How they reacted and how you responded to such reactions?

For example I know how my family would respond. Most likely like saying, you were raised in the way that is right,    :o  why would you change that.

I wouldn't know how to respond.

A few of my friends who know my family as well as me think the stork dropped me off at the wrong door as I come from a very critical and judge  'mental'   ;D   family who truly believe THEY are rght.
I have always tried to be open minded and open hearted and learn others views, feelings and ways.
06/07/03 at 12:21:02
Caraj
Re: How did you break the news?
Taalibatul_ilm
06/02/03 at 10:04:14
Hi there Cara,
I think it depends on the family.  Each person knows their own family best.  I think it was easy for me because I was so far away, I could hide it from them.  I dropped hints (big ones, like how I fasted in Ramadhan) etc., then I told them when my mother made some comment about me not being a Muslim but following their "customs".  I couldn't let that go without telling her the truth.  She was surprised, but has come to accept it, even defend Islam to her friends.  
Make a lot of supplication (called dua' in Arabic) and God willing, it will be easy for you.
Re: How did you break the news?
UmmWafi
06/02/03 at 11:12:18
Salaam Cara

Uhhh I am not a revert lol, but just wanna share sumthin'.

I have a Muslim friend whose family is rather strict and particular abt even the smallest of all stuff.  For 33 years he pandered to them and suffer things in silence.  Then, he opted for truth.  There was a lot of grief and pain...but he said it was worth every thing.

Reactions of each individual differs..but truth always prevail.

Hugs.
Re: How did you break the news?
Ameeraana
06/02/03 at 19:51:23
[slm]

 My sisters just both said I was crazy, then one day we were over at my parents' house eating and I told them and my mother said, "Now you will lose 75% of your freedom".  My father just started laughing and then grabbed a towel, and said "Girls, (to my three neices, aged 6,3,2) this is your auntie Toshiko in 5 yrs" and wrapped the towel on his head.  Then, he said, "Girls, this is your Auntie Toshiko's cat in 5 years" and wrapped the towel around his cat's head.  LOL

 That was about it.  They don't argue with me about it or anything.

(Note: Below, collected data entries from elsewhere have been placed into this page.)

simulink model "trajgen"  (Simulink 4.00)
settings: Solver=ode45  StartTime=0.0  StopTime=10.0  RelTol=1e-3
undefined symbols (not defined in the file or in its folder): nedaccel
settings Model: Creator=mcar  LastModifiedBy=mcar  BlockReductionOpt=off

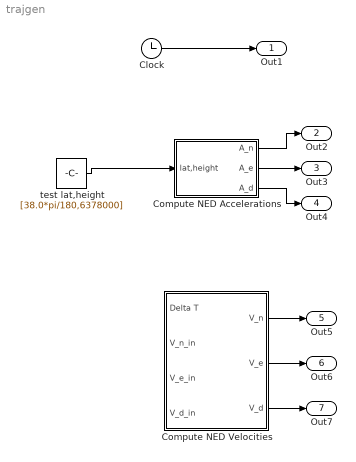
== system trajgen ==
  Clock : Clock
      settings: DisplayTime=off  Decimation=10
  Compute NED Accelerations : Subsystem
      settings: RTWFcnNameOpts=Auto  RTWFileNameOpts=Auto
  Compute NED Velocities : Subsystem
      settings: RTWFcnNameOpts=Auto  RTWFileNameOpts=Auto
  test lat,height : Constant  Value=[38.0*pi/180,6378000]  VectorParams1D=off
  Out1 : Outport  Port=1
  Out2 : Outport  Port=2
  Out3 : Outport  Port=3
  Out4 : Outport  Port=4
  Out5 : Outport  Port=5
  Out6 : Outport  Port=6
  Out7 : Outport  Port=7
  wires:
  Clock/1 -> Out1/1
  test lat,height/1 -> Compute NED Accelerations/1(lat,height)
  Compute NED Accelerations/3(A_d) -> Out4/1
  Compute NED Accelerations/2(A_e) -> Out3/1
  Compute NED Accelerations/1(A_n) -> Out2/1
  Compute NED Velocities/3(V_d) -> Out7/1
  Compute NED Velocities/2(V_e) -> Out6/1
  Compute NED Velocities/1(V_n) -> Out5/1

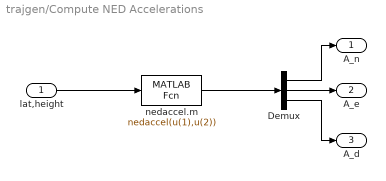
== system trajgen/Compute NED Accelerations ==
  lat,height : Inport  Port=1
  Demux : Demux  Outputs=3  BusSelectionMode=off
  nedaccel.m : MATLABFcn  MATLABFcn=nedaccel(u(1),u(2))  OutputDimensions=3  OutputSignalType=auto  Output1D=off
  A_n : Outport  Port=1
  A_e : Outport  Port=2
  A_d : Outport  Port=3
  wires:
  lat,height/1 -> nedaccel.m/1
  nedaccel.m/1 -> Demux/1
  Demux/1 -> A_n/1
  Demux/2 -> A_e/1
  Demux/3 -> A_d/1

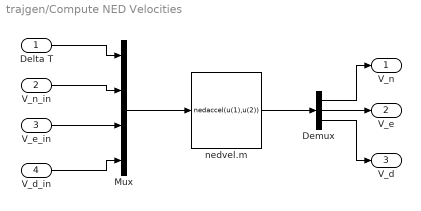
== system trajgen/Compute NED Velocities ==
  Delta T : Inport  Port=1
  V_n_in : Inport  Port=2
  V_e_in : Inport  Port=3
  V_d_in : Inport  Port=4
  Demux : Demux  Outputs=3  BusSelectionMode=off
  Mux : Mux  Inputs=4
  nedvel.m : MATLABFcn  MATLABFcn=nedaccel(u(1),u(2))  OutputDimensions=3  OutputSignalType=auto  Output1D=off
  V_n : Outport  Port=1
  V_e : Outport  Port=2
  V_d : Outport  Port=3
  wires:
  Demux/3 -> V_d/1
  Demux/2 -> V_e/1
  Demux/1 -> V_n/1
  nedvel.m/1 -> Demux/1
  Mux/1 -> nedvel.m/1
  V_d_in/1 -> Mux/4
  V_e_in/1 -> Mux/3
  V_n_in/1 -> Mux/2
  Delta T/1 -> Mux/1

About a month later I started wearing hijab and they just kinda laughed at first cuz it was wierd, but they don't object at all.

Well, I live with my sis right now until I move to UAE hopefully beginning of next year, but she will kid around and say stuff like, "Hey, you forgot to take your towel off" and stuff like that.

 I take my neice, her daughter to the masjiid all the time and even bought her a cute abaya and shayla--with butterflies!!  If you wanna see it, here it is:  http://www.twomuslimgirls.com/catalog/product_info.php?cPath=23_28&products_id=564
 Her friend who is the neighboor who is also non-Muslim wants one really bad now too!!! LOL
 She loves saying "Salaam Aleikum" and "Ma Salaama" and prays along with everyone--I was even guilty of starting to laugh during salaat -- we were all prostrating on the ground and then the Imam said "Allahu Akbar" and we all sat up and she was in front of me still down and popped her head up and started looking all around like, oops and got right up--it made me laugh so I had to start over.  But its funny too because when she goes when only the Imam is saying "Allahu Akbar" -even though everyone else is silent you will always hear her little voice saying "Allahu Akbar" right afterwards.

 She still doesn't understand why I don't pray to Jesus, though.  :)

Ameera
Re: How did you break the news?
Nistar
06/03/03 at 00:00:14
[slm]

I had spent the summer debating Islam with them -- attempting to change their views (my mom was a BIG fan of "Not without my Daughter"  :'( ).

Then when the school year started -- far, far away, I told them over the phone   ::)  It took another year of discussion -- and even more when I took on hijab.  I made tonnes of dua'a!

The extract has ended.